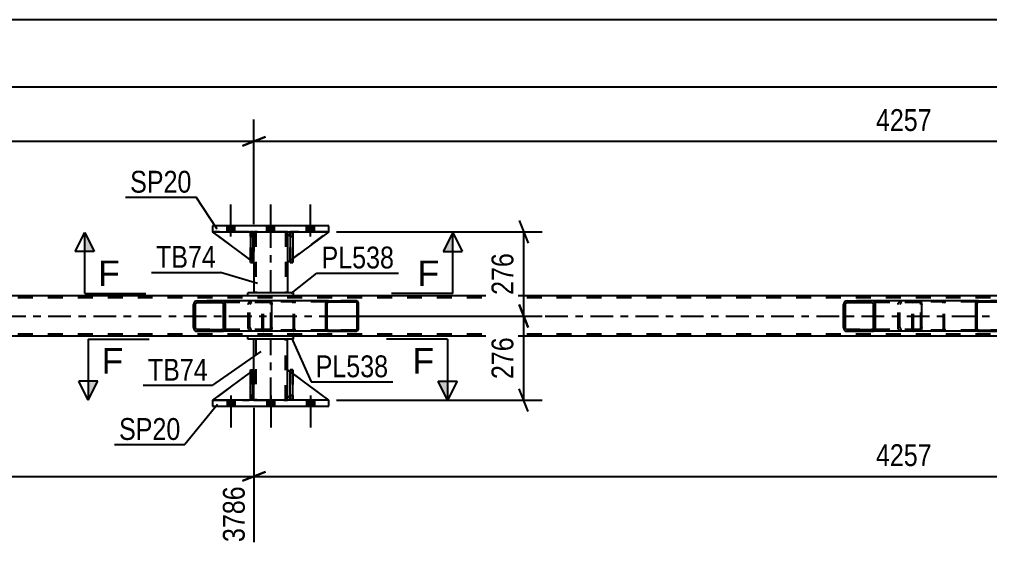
# Model space of a CAD drawing. Header units: millimetres. Extents: x 0 to 841, y 0 to 594.
# Drawn here: x 134.8 to 261.9, y 203.6 to 272.7 of the extents above; entities that cross this region are included whole.
import ezdxf

# ---------------------------------------------------------------- set-up
doc = ezdxf.new("R2010")
doc.units = ezdxf.units.MM
doc.linetypes.add('DXK_LINE_DOT2', pattern=[3.9198, 1.9599, -1.9599])
doc.linetypes.add('DXK_LINE_DOT3', pattern=[5.9187, 2.979, -0.9799, 0.9799, -0.9799])
doc.styles.add('Arial', font='ARIAL.TTF', dxfattribs={"height": 0.2})
doc.styles.add('Arial Narrow', font='ARIALN.TTF', dxfattribs={"height": 0.2})

# ---------------------------------------------------------------- blocks, each defined once
blk = doc.blocks.new('Part-815137657-5893 - 5882')
at = {"color": 7, "linetype": 'DXK_LINE_DOT2'}
for p, q in [((169.91, 223.38), (169.91, 226.78)), ((169.91, 226.78), (175.31, 222.78)), ((170.51, 222.78), (169.91, 223.38)), ((175.31, 222.78), (170.51, 222.78))]:
    blk.add_line(p, q, dxfattribs=at)
blk = doc.blocks.new('Part-815137657-5886 - 5882')
at = {"color": 7, "linetype": 'DXK_LINE_DOT2'}
for p, q in [((165.07, 244.26), (165.07, 244.86)), ((165.07, 244.86), (165.07, 244.86)), ((165.07, 244.86), (165.07, 240.86)), ((165.39, 244.86), (165.07, 244.86)), ((165.07, 240.86), (165.07, 244.26)), ((165.07, 244.26), (165.39, 244.26)), ((165.39, 244.26), (165.39, 244.86)), ((165.39, 240.86), (165.39, 244.86)), ((165.39, 244.26), (165.39, 240.86)), ((165.07, 240.86), (165.39, 240.86))]:
    blk.add_line(p, q, dxfattribs=at)
blk = doc.blocks.new('Part-815137657-5892 - 5882')
at = {"color": 2, "linetype": 'Continuous'}
for p, q in [((165.07, 226.45), (160.11, 222.78)), ((165.51, 226.78), (165.39, 226.68)), ((165.51, 223.38), (165.51, 226.78)), ((165.07, 222.93), (164.91, 222.78)), ((165.51, 223.38), (165.39, 223.25)), ((165.51, 223.38), (165.51, 223.38))]:
    blk.add_line(p, q, dxfattribs=at)
at = {"color": 7, "linetype": 'DXK_LINE_DOT2'}
for p, q in [((165.39, 226.68), (165.07, 226.45)), ((165.51, 223.38), (165.51, 226.78)), ((160.11, 222.78), (164.91, 222.78)), ((165.51, 223.38), (164.91, 222.78)), ((165.39, 223.25), (165.07, 222.93))]:
    blk.add_line(p, q, dxfattribs=at)
blk = doc.blocks.new('Part-815137657-5894 - 5882')
at = {"color": 2, "linetype": 'Continuous'}
for p, q in [((169.91, 223.38), (169.91, 226.78)), ((170.27, 226.51), (169.91, 226.78)), ((175.31, 222.78), (170.59, 226.28)), ((170.27, 223.02), (169.91, 223.38))]:
    blk.add_line(p, q, dxfattribs=at)
at = {"color": 7, "linetype": 'DXK_LINE_DOT2'}
for p, q in [((170.59, 226.28), (170.27, 226.51)), ((170.51, 222.78), (170.27, 223.02)), ((175.31, 222.78), (170.51, 222.78)), ((175.31, 222.78), (175.31, 222.78)), ((175.31, 222.78), (175.31, 222.78))]:
    blk.add_line(p, q, dxfattribs=at)
blk = doc.blocks.new('Part-815137657-5899 - 5882')
at = {"color": 2, "linetype": 'Continuous'}
for p, q in [((160.11, 222.78), (160.11, 221.98)), ((175.31, 222.78), (160.11, 222.78)), ((175.31, 221.98), (175.31, 222.78)), ((160.11, 221.98), (175.31, 221.98))]:
    blk.add_line(p, q, dxfattribs=at)
blk = doc.blocks.new('Part-815137657-5907 - 5882')
at = {"color": 2, "linetype": 'Continuous'}
for p, q in [((175.31, 245.66), (160.11, 245.66)), ((160.11, 245.66), (160.11, 244.86)), ((175.31, 244.86), (175.31, 245.66)), ((160.11, 244.86), (175.31, 244.86))]:
    blk.add_line(p, q, dxfattribs=at)
blk = doc.blocks.new('Part-815137657-5923 - 5882')
at = {"color": 2, "linetype": 'Continuous'}
for p, q in [((165.51, 226.78), (165.51, 230.78)), ((169.91, 226.78), (169.91, 230.78)), ((165.51, 222.78), (165.51, 223.38)), ((169.91, 222.78), (169.91, 223.38))]:
    blk.add_line(p, q, dxfattribs=at)
at = {"color": 7, "linetype": 'DXK_LINE_DOT2'}
for p, q in [((169.91, 230.78), (165.51, 230.78)), ((165.75, 230.78), (165.75, 222.78)), ((169.67, 222.78), (169.67, 230.78)), ((165.51, 223.38), (165.51, 226.78)), ((169.91, 223.38), (169.91, 226.78)), ((165.51, 222.78), (169.91, 222.78))]:
    blk.add_line(p, q, dxfattribs=at)
at = {"color": 7, "linetype": 'DXK_LINE_DOT3'}
blk.add_line((167.71, 222.78), (167.71, 230.78), dxfattribs=at)
blk = doc.blocks.new('Part-815137657-5928 - 5882')
at = {"color": 2, "linetype": 'Continuous'}
for p, q in [((170.71, 231.18), (164.71, 231.18)), ((164.71, 230.78), (164.71, 231.18)), ((170.71, 230.78), (164.71, 230.78)), ((170.71, 230.78), (170.71, 231.18))]:
    blk.add_line(p, q, dxfattribs=at)
blk = doc.blocks.new('Part-815137657-5933 - 5882')
at = {"color": 2, "linetype": 'Continuous'}
for p, q in [((170.71, 236.86), (164.71, 236.86)), ((164.71, 236.46), (164.71, 236.86)), ((170.71, 236.46), (164.71, 236.46)), ((170.71, 236.46), (170.71, 236.86))]:
    blk.add_line(p, q, dxfattribs=at)
blk = doc.blocks.new('Part-815137657-5938 - 5882')
at = {"color": 2, "linetype": 'Continuous'}
for p, q in [((165.51, 244.86), (165.51, 244.26)), ((169.91, 244.86), (169.91, 244.26)), ((165.51, 240.86), (165.51, 236.86)), ((169.91, 240.86), (169.91, 236.86))]:
    blk.add_line(p, q, dxfattribs=at)
at = {"color": 7, "linetype": 'DXK_LINE_DOT2'}
for p, q in [((169.91, 244.86), (165.51, 244.86)), ((165.51, 244.26), (165.51, 240.86)), ((165.75, 244.86), (165.75, 236.86)), ((169.67, 244.86), (169.67, 236.86)), ((169.91, 244.26), (169.91, 240.86)), ((169.91, 236.86), (165.51, 236.86))]:
    blk.add_line(p, q, dxfattribs=at)
at = {"color": 7, "linetype": 'DXK_LINE_DOT3'}
blk.add_line((167.71, 236.86), (167.71, 244.86), dxfattribs=at)
blk = doc.blocks.new('Part-815137657-5939 - 5882')
at = {"linetype": 'Continuous'}
h = blk.add_hatch(dxfattribs=at)
h.set_pattern_fill('', scale=0.7, style=0, pattern_type=0)
h.set_pattern_definition([(45, (179.177, 235.6187), (-1.57154, 1.57154), [])])
h.paths.add_polyline_path([(179.2, 235.5), (179.18, 235.62), (179.1, 235.72), (178.99, 235.79), (178.86, 235.82), (175.29, 235.82), (175.16, 235.79), (175.05, 235.72), (174.97, 235.62), (174.95, 235.5), (174.95, 232.14), (174.97, 232.01), (175.05, 231.91), (175.16, 231.84), (175.29, 231.82), (178.86, 231.82), (178.99, 231.84), (179.1, 231.91), (179.18, 232.01), (179.2, 232.14)])
h.paths.add_polyline_path([(179.02, 232.08), (178.98, 232.02), (178.93, 231.99), (178.86, 231.98), (175.29, 231.98), (175.22, 231.99), (175.17, 232.02), (175.13, 232.08), (175.12, 232.14), (175.12, 235.5), (175.13, 235.56), (175.17, 235.61), (175.22, 235.64), (175.29, 235.66), (178.86, 235.66), (178.93, 235.64), (178.98, 235.61), (179.02, 235.56), (179.03, 235.5), (179.03, 232.14)])
at = {"color": 7, "linetype": 'DXK_LINE_DOT2'}
for p, q in [((166.6, 235.5), (166.62, 235.62)), ((166.6, 232.14), (166.6, 235.5)), ((166.78, 235.56), (166.77, 235.5)), ((166.77, 232.14), (166.77, 235.5)), ((166.82, 235.61), (166.78, 235.56)), ((166.81, 235.79), (166.94, 235.82)), ((166.87, 235.64), (166.82, 235.61)), ((166.94, 235.66), (166.87, 235.64)), ((167.59, 235.82), (166.94, 235.82)), ((178.86, 235.66), (166.94, 235.66)), ((170.51, 235.82), (170.64, 235.79)), ((170.58, 235.64), (170.51, 235.66)), ((170.63, 235.61), (170.58, 235.64)), ((170.67, 235.56), (170.63, 235.61)), ((170.68, 235.5), (170.67, 235.56)), ((170.68, 232.14), (170.68, 235.5)), ((170.83, 235.62), (170.85, 235.5)), ((170.85, 232.14), (170.85, 235.5)), ((178.86, 235.82), (175.29, 235.82)), ((166.62, 232.01), (166.6, 232.14)), ((166.77, 232.14), (166.78, 232.08)), ((166.78, 232.08), (166.82, 232.02)), ((166.94, 231.82), (166.81, 231.84)), ((166.82, 232.02), (166.87, 231.99)), ((166.87, 231.99), (166.94, 231.98)), ((178.86, 231.98), (166.94, 231.98)), ((167.59, 231.82), (166.94, 231.82)), ((170.51, 231.98), (170.58, 231.99)), ((170.64, 231.84), (170.51, 231.82)), ((170.58, 231.99), (170.63, 232.02)), ((170.63, 232.02), (170.67, 232.08)), ((170.67, 232.08), (170.68, 232.14)), ((170.85, 232.14), (170.83, 232.01)), ((175.29, 231.82), (178.86, 231.82))]:
    blk.add_line(p, q, dxfattribs=at)
at = {"color": 2, "linetype": 'Continuous'}
for p, q in [((175.29, 235.82), (167.59, 235.82)), ((174.97, 235.62), (174.95, 235.5)), ((174.95, 232.14), (174.95, 235.5)), ((175.12, 235.5), (175.13, 235.56)), ((175.12, 232.14), (175.12, 235.5)), ((175.13, 235.56), (175.17, 235.61)), ((175.29, 235.82), (175.16, 235.79)), ((175.17, 235.61), (175.22, 235.64)), ((175.22, 235.64), (175.29, 235.66)), ((175.29, 235.82), (178.86, 235.82)), ((175.29, 235.66), (178.86, 235.66)), ((178.99, 235.79), (178.86, 235.82)), ((178.86, 235.66), (178.93, 235.64)), ((178.93, 235.64), (178.98, 235.61)), ((178.98, 235.61), (179.02, 235.56)), ((179.02, 235.56), (179.03, 235.5)), ((179.03, 232.14), (179.03, 235.5)), ((179.2, 235.5), (179.18, 235.62)), ((179.2, 232.14), (179.2, 235.5)), ((175.29, 231.82), (167.59, 231.82)), ((174.95, 232.14), (174.97, 232.01)), ((175.13, 232.08), (175.12, 232.14)), ((175.17, 232.02), (175.13, 232.08)), ((175.16, 231.84), (175.29, 231.82)), ((175.22, 231.99), (175.17, 232.02)), ((175.29, 231.98), (175.22, 231.99)), ((175.29, 231.98), (178.86, 231.98)), ((175.29, 231.82), (178.86, 231.82)), ((178.93, 231.99), (178.86, 231.98)), ((178.86, 231.82), (178.99, 231.84)), ((178.98, 232.02), (178.93, 231.99)), ((179.02, 232.08), (178.98, 232.02)), ((179.03, 232.14), (179.02, 232.08)), ((179.18, 232.01), (179.2, 232.14))]:
    blk.add_line(p, q, dxfattribs=at)
at = {"color": 7, "linetype": 'DXK_LINE_DOT2'}
for centre, start, end in [((166.92, 235.48), 110.7583, 155.68), ((170.53, 235.48), 24.32, 69.2417), ((166.92, 232.15), 204.32, 249.2417), ((170.53, 232.15), 290.7583, 335.68)]:
    blk.add_arc(centre, 0.331, start, end, dxfattribs=at)
at = {"color": 2, "linetype": 'Continuous'}
for centre, start, end in [((175.27, 235.48), 110.7583, 155.68), ((178.88, 235.48), 24.32, 69.2417), ((175.27, 232.15), 204.32, 249.2417), ((178.88, 232.15), 290.7583, 335.68)]:
    blk.add_arc(centre, 0.331, start, end, dxfattribs=at)
blk = doc.blocks.new('Part-815137657-5941 - 5882')
at = {"linetype": 'Continuous'}
h = blk.add_hatch(dxfattribs=at)
h.set_pattern_fill('', scale=0.7, style=0, pattern_type=0)
h.set_pattern_definition([(45, (161.7532, 235.52), (-1.57154, 1.57154), [])])
h.paths.add_polyline_path([(161.79, 235.34), (161.75, 235.52), (161.64, 235.68), (161.48, 235.78), (161.29, 235.82), (158.1, 235.82), (157.91, 235.78), (157.75, 235.68), (157.64, 235.52), (157.6, 235.34), (157.6, 232.3), (157.64, 232.11), (157.75, 231.96), (157.91, 231.85), (158.1, 231.82), (161.29, 231.82), (161.48, 231.85), (161.64, 231.96), (161.75, 232.11), (161.79, 232.3)])
h.paths.add_polyline_path([(161.52, 232.2), (161.47, 232.13), (161.38, 232.07), (161.29, 232.06), (158.1, 232.06), (158.01, 232.07), (157.93, 232.13), (157.87, 232.2), (157.85, 232.3), (157.85, 235.34), (157.87, 235.43), (157.93, 235.51), (158.01, 235.56), (158.1, 235.58), (161.29, 235.58), (161.38, 235.56), (161.47, 235.51), (161.52, 235.43), (161.54, 235.34), (161.54, 232.3)])
at = {"color": 2, "linetype": 'Continuous'}
for p, q in [((157.64, 235.52), (157.6, 235.34)), ((157.6, 232.3), (157.6, 235.34)), ((157.85, 235.34), (157.87, 235.43)), ((157.85, 232.3), (157.85, 235.34)), ((157.87, 235.43), (157.93, 235.51)), ((158.1, 235.82), (157.91, 235.78)), ((157.93, 235.51), (158.01, 235.56)), ((158.01, 235.56), (158.1, 235.58)), ((158.1, 235.82), (161.29, 235.82)), ((158.1, 235.58), (161.29, 235.58)), ((167.59, 235.82), (161.29, 235.82)), ((161.48, 235.78), (161.29, 235.82)), ((161.29, 235.58), (161.38, 235.56)), ((161.38, 235.56), (161.47, 235.51)), ((161.47, 235.51), (161.52, 235.43)), ((161.52, 235.43), (161.54, 235.34)), ((161.54, 232.3), (161.54, 235.34)), ((161.79, 235.34), (161.75, 235.52)), ((161.79, 232.3), (161.79, 235.34)), ((167.59, 235.82), (167.69, 235.78)), ((167.69, 235.78), (167.78, 235.68)), ((167.78, 235.68), (167.84, 235.52)), ((167.84, 235.52), (167.86, 235.34)), ((167.86, 232.3), (167.86, 235.34)), ((157.6, 232.3), (157.64, 232.11)), ((157.87, 232.2), (157.85, 232.3)), ((157.93, 232.13), (157.87, 232.2)), ((157.91, 231.85), (158.1, 231.82)), ((158.01, 232.07), (157.93, 232.13)), ((158.1, 232.06), (158.01, 232.07)), ((158.1, 232.06), (161.29, 232.06)), ((158.1, 231.82), (161.29, 231.82)), ((161.38, 232.07), (161.29, 232.06)), ((161.29, 231.82), (161.48, 231.85)), ((167.59, 231.82), (161.29, 231.82)), ((161.47, 232.13), (161.38, 232.07)), ((161.52, 232.2), (161.47, 232.13)), ((161.54, 232.3), (161.52, 232.2)), ((161.75, 232.11), (161.79, 232.3)), ((167.69, 231.85), (167.59, 231.82)), ((167.78, 231.96), (167.69, 231.85)), ((167.84, 232.11), (167.78, 231.96)), ((167.86, 232.3), (167.84, 232.11))]:
    blk.add_line(p, q, dxfattribs=at)
at = {"color": 7, "linetype": 'DXK_LINE_DOT2'}
for p, q in [((161.29, 235.82), (158.1, 235.82)), ((167.59, 235.58), (158.1, 235.58)), ((164.75, 235.34), (164.79, 235.52)), ((164.75, 232.3), (164.75, 235.34)), ((165.02, 235.43), (165, 235.34)), ((165, 232.3), (165, 235.34)), ((165.08, 235.51), (165.02, 235.43)), ((165.06, 235.78), (165.25, 235.82)), ((165.16, 235.56), (165.08, 235.51)), ((165.25, 235.58), (165.16, 235.56)), ((166.6, 235.58), (166.6, 235.82)), ((167.64, 235.56), (167.59, 235.58)), ((167.68, 235.51), (167.64, 235.56)), ((167.71, 235.43), (167.68, 235.51)), ((167.72, 235.34), (167.71, 235.43)), ((167.72, 232.3), (167.72, 235.34)), ((167.59, 232.06), (158.1, 232.06)), ((161.29, 231.82), (158.1, 231.82)), ((164.79, 232.11), (164.75, 232.3)), ((165, 232.3), (165.02, 232.2)), ((165.02, 232.2), (165.08, 232.13)), ((165.25, 231.82), (165.06, 231.85)), ((165.08, 232.13), (165.1, 232.11)), ((165.1, 232.11), (165.16, 232.07)), ((165.16, 232.07), (165.25, 232.06)), ((166.6, 231.82), (166.6, 232.06)), ((167.59, 232.06), (167.64, 232.07)), ((167.64, 232.07), (167.68, 232.13)), ((167.68, 232.13), (167.71, 232.2)), ((167.71, 232.2), (167.72, 232.3))]:
    blk.add_line(p, q, dxfattribs=at)
at = {"color": 2, "linetype": 'Continuous'}
for centre, start, end in [((158.09, 235.32), 111.1941, 156.1506), ((161.3, 235.32), 23.8494, 68.8059), ((158.09, 232.31), 203.8494, 248.8059), ((161.3, 232.31), 291.1941, 336.1506)]:
    blk.add_arc(centre, 0.492, start, end, dxfattribs=at)
at = {"color": 7, "linetype": 'DXK_LINE_DOT2'}
for centre, start, end in [((165.24, 235.32), 111.1941, 156.1506), ((165.24, 232.31), 203.8494, 248.8059)]:
    blk.add_arc(centre, 0.492, start, end, dxfattribs=at)
blk = doc.blocks.new('Part-815137657-5949 - 5882')
at = {"color": 2, "linetype": 'Continuous'}
for p, q in [((170.27, 222.78), (170.27, 226.78)), ((170.27, 226.78), (170.59, 226.78)), ((170.59, 222.78), (170.59, 226.78)), ((170.27, 222.78), (170.27, 222.78)), ((170.59, 222.78), (170.27, 222.78))]:
    blk.add_line(p, q, dxfattribs=at)
at = {"color": 7, "linetype": 'DXK_LINE_DOT2'}
for p, q in [((170.27, 226.78), (170.27, 223.38)), ((170.59, 223.38), (170.59, 226.78)), ((170.27, 223.38), (170.27, 222.78)), ((170.27, 223.38), (170.59, 223.38)), ((170.59, 222.78), (170.59, 223.38)), ((170.59, 222.78), (170.59, 222.78))]:
    blk.add_line(p, q, dxfattribs=at)
blk = doc.blocks.new('Part-815137657-5950 - 5882')
at = {"color": 7, "linetype": 'DXK_LINE_DOT2'}
for p, q in [((165.51, 226.78), (160.11, 222.78)), ((165.51, 223.38), (165.51, 226.78)), ((165.51, 226.78), (165.51, 223.38)), ((160.11, 222.78), (164.91, 222.78)), ((164.91, 222.78), (165.51, 223.38)), ((165.51, 223.38), (164.91, 222.78)), ((165.51, 223.38), (165.51, 223.38))]:
    blk.add_line(p, q, dxfattribs=at)
blk = doc.blocks.new('Part-815137657-5984 - 5882')
at = {"color": 7, "linetype": 'DXK_LINE_DOT2'}
for p, q in [((170.27, 244.26), (170.27, 244.86)), ((170.27, 244.86), (170.27, 244.86)), ((170.27, 244.86), (170.27, 240.86)), ((170.59, 244.86), (170.27, 244.86)), ((170.27, 240.86), (170.27, 244.26)), ((170.27, 244.26), (170.59, 244.26)), ((170.59, 244.26), (170.59, 244.86)), ((170.59, 240.86), (170.59, 244.86)), ((170.59, 244.26), (170.59, 240.86)), ((170.27, 240.86), (170.59, 240.86))]:
    blk.add_line(p, q, dxfattribs=at)
blk = doc.blocks.new('Part-815137657-5985 - 5882')
at = {"color": 2, "linetype": 'Continuous'}
for p, q in [((165.39, 244.86), (165.07, 244.86)), ((165.07, 244.86), (165.07, 240.86)), ((165.39, 244.86), (165.39, 244.86)), ((165.39, 244.86), (165.39, 240.86)), ((165.39, 240.86), (165.07, 240.86))]:
    blk.add_line(p, q, dxfattribs=at)
at = {"color": 7, "linetype": 'DXK_LINE_DOT2'}
for p, q in [((165.07, 244.26), (165.07, 244.86)), ((165.39, 244.26), (165.07, 244.26)), ((165.07, 244.26), (165.07, 240.86)), ((165.39, 244.26), (165.39, 244.86)), ((165.39, 244.86), (165.39, 244.86)), ((165.39, 240.86), (165.39, 244.26))]:
    blk.add_line(p, q, dxfattribs=at)
blk = doc.blocks.new('Part-815137657-5986 - 5882')
at = {"color": 2, "linetype": 'Continuous'}
for p, q in [((170.59, 244.86), (170.27, 244.86)), ((170.27, 244.86), (170.27, 240.86)), ((170.59, 244.86), (170.59, 244.86)), ((170.59, 244.86), (170.59, 240.86)), ((170.59, 240.86), (170.27, 240.86))]:
    blk.add_line(p, q, dxfattribs=at)
at = {"color": 7, "linetype": 'DXK_LINE_DOT2'}
for p, q in [((170.27, 244.26), (170.27, 244.86)), ((170.59, 244.26), (170.27, 244.26)), ((170.27, 244.26), (170.27, 240.86)), ((170.59, 244.26), (170.59, 244.86)), ((170.59, 244.86), (170.59, 244.86)), ((170.59, 240.86), (170.59, 244.26))]:
    blk.add_line(p, q, dxfattribs=at)
blk = doc.blocks.new('Part-815137657-6017 - 5882')
at = {"color": 2, "linetype": 'Continuous'}
for p, q in [((170.27, 244.61), (169.91, 244.26)), ((169.91, 244.26), (169.91, 240.86)), ((175.31, 244.86), (170.59, 241.36)), ((170.27, 241.12), (169.91, 240.86))]:
    blk.add_line(p, q, dxfattribs=at)
at = {"color": 7, "linetype": 'DXK_LINE_DOT2'}
for p, q in [((170.51, 244.86), (170.27, 244.61)), ((175.31, 244.86), (170.51, 244.86)), ((170.59, 241.36), (170.27, 241.12))]:
    blk.add_line(p, q, dxfattribs=at)
blk = doc.blocks.new('Part-815137657-6018 - 5882')
at = {"color": 7, "linetype": 'DXK_LINE_DOT2'}
for p, q in [((165.07, 226.78), (165.39, 226.78)), ((165.07, 223.38), (165.07, 226.78)), ((165.07, 226.78), (165.07, 222.78)), ((165.39, 226.78), (165.39, 223.38)), ((165.39, 222.78), (165.39, 226.68)), ((165.39, 223.38), (165.07, 223.38)), ((165.07, 222.78), (165.07, 223.38)), ((165.39, 222.78), (165.07, 222.78)), ((165.39, 223.38), (165.39, 222.78)), ((165.39, 222.78), (165.39, 222.78))]:
    blk.add_line(p, q, dxfattribs=at)
blk = doc.blocks.new('Part-815137657-6019 - 5882')
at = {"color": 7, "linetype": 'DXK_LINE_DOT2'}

_The problem_
Please show every line of the records that holds the word "linetypes".

_Exercise solution_
doc.linetypes.add('DXK_LINE_DOT2', pattern=[3.9198, 1.9599, -1.9599])
doc.linetypes.add('DXK_LINE_DOT3', pattern=[5.9187, 2.979, -0.9799, 0.9799, -0.9799])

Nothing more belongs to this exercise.